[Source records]
==========

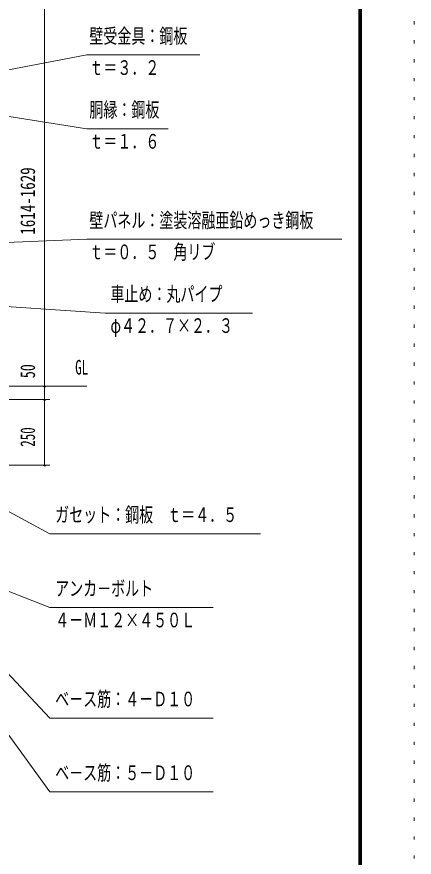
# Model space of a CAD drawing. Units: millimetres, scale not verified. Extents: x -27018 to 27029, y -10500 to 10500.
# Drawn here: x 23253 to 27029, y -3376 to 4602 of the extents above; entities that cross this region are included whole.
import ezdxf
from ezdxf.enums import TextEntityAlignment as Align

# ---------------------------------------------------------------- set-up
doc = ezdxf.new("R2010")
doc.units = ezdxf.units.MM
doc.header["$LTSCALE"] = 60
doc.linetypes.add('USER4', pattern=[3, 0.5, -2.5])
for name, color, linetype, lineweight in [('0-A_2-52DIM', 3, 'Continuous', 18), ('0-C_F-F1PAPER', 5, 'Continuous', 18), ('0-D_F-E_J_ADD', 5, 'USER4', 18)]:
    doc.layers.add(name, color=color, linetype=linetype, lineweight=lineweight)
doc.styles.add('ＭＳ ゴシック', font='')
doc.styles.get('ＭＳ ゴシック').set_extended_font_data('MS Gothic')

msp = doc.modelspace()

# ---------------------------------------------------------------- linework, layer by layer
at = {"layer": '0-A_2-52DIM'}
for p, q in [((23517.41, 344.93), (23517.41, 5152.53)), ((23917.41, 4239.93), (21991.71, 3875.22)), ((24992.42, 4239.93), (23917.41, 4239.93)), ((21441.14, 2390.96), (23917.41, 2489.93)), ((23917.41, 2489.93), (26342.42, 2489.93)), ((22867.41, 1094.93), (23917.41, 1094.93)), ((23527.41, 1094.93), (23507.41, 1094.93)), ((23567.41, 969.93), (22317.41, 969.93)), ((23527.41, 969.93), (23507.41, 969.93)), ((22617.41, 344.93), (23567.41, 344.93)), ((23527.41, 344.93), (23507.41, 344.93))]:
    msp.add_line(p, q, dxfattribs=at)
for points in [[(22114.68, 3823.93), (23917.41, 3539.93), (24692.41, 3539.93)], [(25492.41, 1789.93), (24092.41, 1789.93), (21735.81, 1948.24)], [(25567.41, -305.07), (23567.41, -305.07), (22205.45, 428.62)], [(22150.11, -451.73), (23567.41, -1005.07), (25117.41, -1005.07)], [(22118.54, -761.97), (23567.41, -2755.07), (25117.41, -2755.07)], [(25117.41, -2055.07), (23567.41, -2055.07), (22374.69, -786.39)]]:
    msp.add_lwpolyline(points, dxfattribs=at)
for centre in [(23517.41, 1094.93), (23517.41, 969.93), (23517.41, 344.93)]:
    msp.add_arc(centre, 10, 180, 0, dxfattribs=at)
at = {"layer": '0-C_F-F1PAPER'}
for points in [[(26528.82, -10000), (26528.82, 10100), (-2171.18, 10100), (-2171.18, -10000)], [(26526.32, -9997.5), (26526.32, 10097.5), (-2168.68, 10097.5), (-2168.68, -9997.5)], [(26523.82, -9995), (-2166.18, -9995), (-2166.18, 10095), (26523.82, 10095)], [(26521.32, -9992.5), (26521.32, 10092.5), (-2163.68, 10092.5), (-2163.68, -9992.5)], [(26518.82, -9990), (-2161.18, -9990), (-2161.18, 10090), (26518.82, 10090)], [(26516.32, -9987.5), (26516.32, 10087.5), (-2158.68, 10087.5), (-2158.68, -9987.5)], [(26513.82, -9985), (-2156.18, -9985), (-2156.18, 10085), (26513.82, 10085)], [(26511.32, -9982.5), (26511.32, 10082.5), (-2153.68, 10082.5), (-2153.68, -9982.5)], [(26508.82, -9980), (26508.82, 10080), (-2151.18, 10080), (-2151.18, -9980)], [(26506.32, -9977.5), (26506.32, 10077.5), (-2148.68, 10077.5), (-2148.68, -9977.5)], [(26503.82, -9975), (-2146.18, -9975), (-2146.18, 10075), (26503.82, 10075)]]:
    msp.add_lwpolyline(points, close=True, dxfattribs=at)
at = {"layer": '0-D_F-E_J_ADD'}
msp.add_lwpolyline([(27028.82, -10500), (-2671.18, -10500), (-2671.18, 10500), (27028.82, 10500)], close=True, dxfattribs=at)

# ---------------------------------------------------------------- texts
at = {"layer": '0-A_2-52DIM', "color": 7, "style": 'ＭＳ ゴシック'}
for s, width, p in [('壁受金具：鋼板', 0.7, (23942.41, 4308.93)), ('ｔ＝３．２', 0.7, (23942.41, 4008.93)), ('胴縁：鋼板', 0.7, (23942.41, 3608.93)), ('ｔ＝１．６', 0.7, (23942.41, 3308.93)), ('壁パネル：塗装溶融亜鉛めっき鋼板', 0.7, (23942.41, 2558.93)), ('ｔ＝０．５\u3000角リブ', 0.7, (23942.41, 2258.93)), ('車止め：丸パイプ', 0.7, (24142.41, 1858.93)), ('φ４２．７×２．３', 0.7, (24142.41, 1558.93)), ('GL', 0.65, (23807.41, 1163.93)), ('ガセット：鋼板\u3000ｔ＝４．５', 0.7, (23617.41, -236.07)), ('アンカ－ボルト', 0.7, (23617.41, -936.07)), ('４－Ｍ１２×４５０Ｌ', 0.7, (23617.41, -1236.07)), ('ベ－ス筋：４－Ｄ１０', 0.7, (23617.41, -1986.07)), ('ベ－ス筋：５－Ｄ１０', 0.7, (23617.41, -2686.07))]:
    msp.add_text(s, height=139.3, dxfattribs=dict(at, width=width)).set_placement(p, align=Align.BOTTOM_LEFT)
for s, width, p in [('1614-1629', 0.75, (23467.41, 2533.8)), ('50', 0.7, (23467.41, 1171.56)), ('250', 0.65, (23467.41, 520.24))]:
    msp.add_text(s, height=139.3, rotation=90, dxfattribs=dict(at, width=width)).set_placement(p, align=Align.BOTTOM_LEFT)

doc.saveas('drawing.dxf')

==========

=== Problem details ===
Only the lines above from the one with "doc.styles.add('ＭＳ ゴシック', font='')" up to and including the one with "msp.add_lwpolyline(points, close=True, dxfattribs=at)" should be repeated, exactly as written.

=== Your response ===
doc.styles.add('ＭＳ ゴシック', font='')
doc.styles.get('ＭＳ ゴシック').set_extended_font_data('MS Gothic')

msp = doc.modelspace()

# ---------------------------------------------------------------- linework, layer by layer
at = {"layer": '0-A_2-52DIM'}
for p, q in [((23517.41, 344.93), (23517.41, 5152.53)), ((23917.41, 4239.93), (21991.71, 3875.22)), ((24992.42, 4239.93), (23917.41, 4239.93)), ((21441.14, 2390.96), (23917.41, 2489.93)), ((23917.41, 2489.93), (26342.42, 2489.93)), ((22867.41, 1094.93), (23917.41, 1094.93)), ((23527.41, 1094.93), (23507.41, 1094.93)), ((23567.41, 969.93), (22317.41, 969.93)), ((23527.41, 969.93), (23507.41, 969.93)), ((22617.41, 344.93), (23567.41, 344.93)), ((23527.41, 344.93), (23507.41, 344.93))]:
    msp.add_line(p, q, dxfattribs=at)
for points in [[(22114.68, 3823.93), (23917.41, 3539.93), (24692.41, 3539.93)], [(25492.41, 1789.93), (24092.41, 1789.93), (21735.81, 1948.24)], [(25567.41, -305.07), (23567.41, -305.07), (22205.45, 428.62)], [(22150.11, -451.73), (23567.41, -1005.07), (25117.41, -1005.07)], [(22118.54, -761.97), (23567.41, -2755.07), (25117.41, -2755.07)], [(25117.41, -2055.07), (23567.41, -2055.07), (22374.69, -786.39)]]:
    msp.add_lwpolyline(points, dxfattribs=at)
for centre in [(23517.41, 1094.93), (23517.41, 969.93), (23517.41, 344.93)]:
    msp.add_arc(centre, 10, 180, 0, dxfattribs=at)
at = {"layer": '0-C_F-F1PAPER'}
for points in [[(26528.82, -10000), (26528.82, 10100), (-2171.18, 10100), (-2171.18, -10000)], [(26526.32, -9997.5), (26526.32, 10097.5), (-2168.68, 10097.5), (-2168.68, -9997.5)], [(26523.82, -9995), (-2166.18, -9995), (-2166.18, 10095), (26523.82, 10095)], [(26521.32, -9992.5), (26521.32, 10092.5), (-2163.68, 10092.5), (-2163.68, -9992.5)], [(26518.82, -9990), (-2161.18, -9990), (-2161.18, 10090), (26518.82, 10090)], [(26516.32, -9987.5), (26516.32, 10087.5), (-2158.68, 10087.5), (-2158.68, -9987.5)], [(26513.82, -9985), (-2156.18, -9985), (-2156.18, 10085), (26513.82, 10085)], [(26511.32, -9982.5), (26511.32, 10082.5), (-2153.68, 10082.5), (-2153.68, -9982.5)], [(26508.82, -9980), (26508.82, 10080), (-2151.18, 10080), (-2151.18, -9980)], [(26506.32, -9977.5), (26506.32, 10077.5), (-2148.68, 10077.5), (-2148.68, -9977.5)], [(26503.82, -9975), (-2146.18, -9975), (-2146.18, 10075), (26503.82, 10075)]]:
    msp.add_lwpolyline(points, close=True, dxfattribs=at)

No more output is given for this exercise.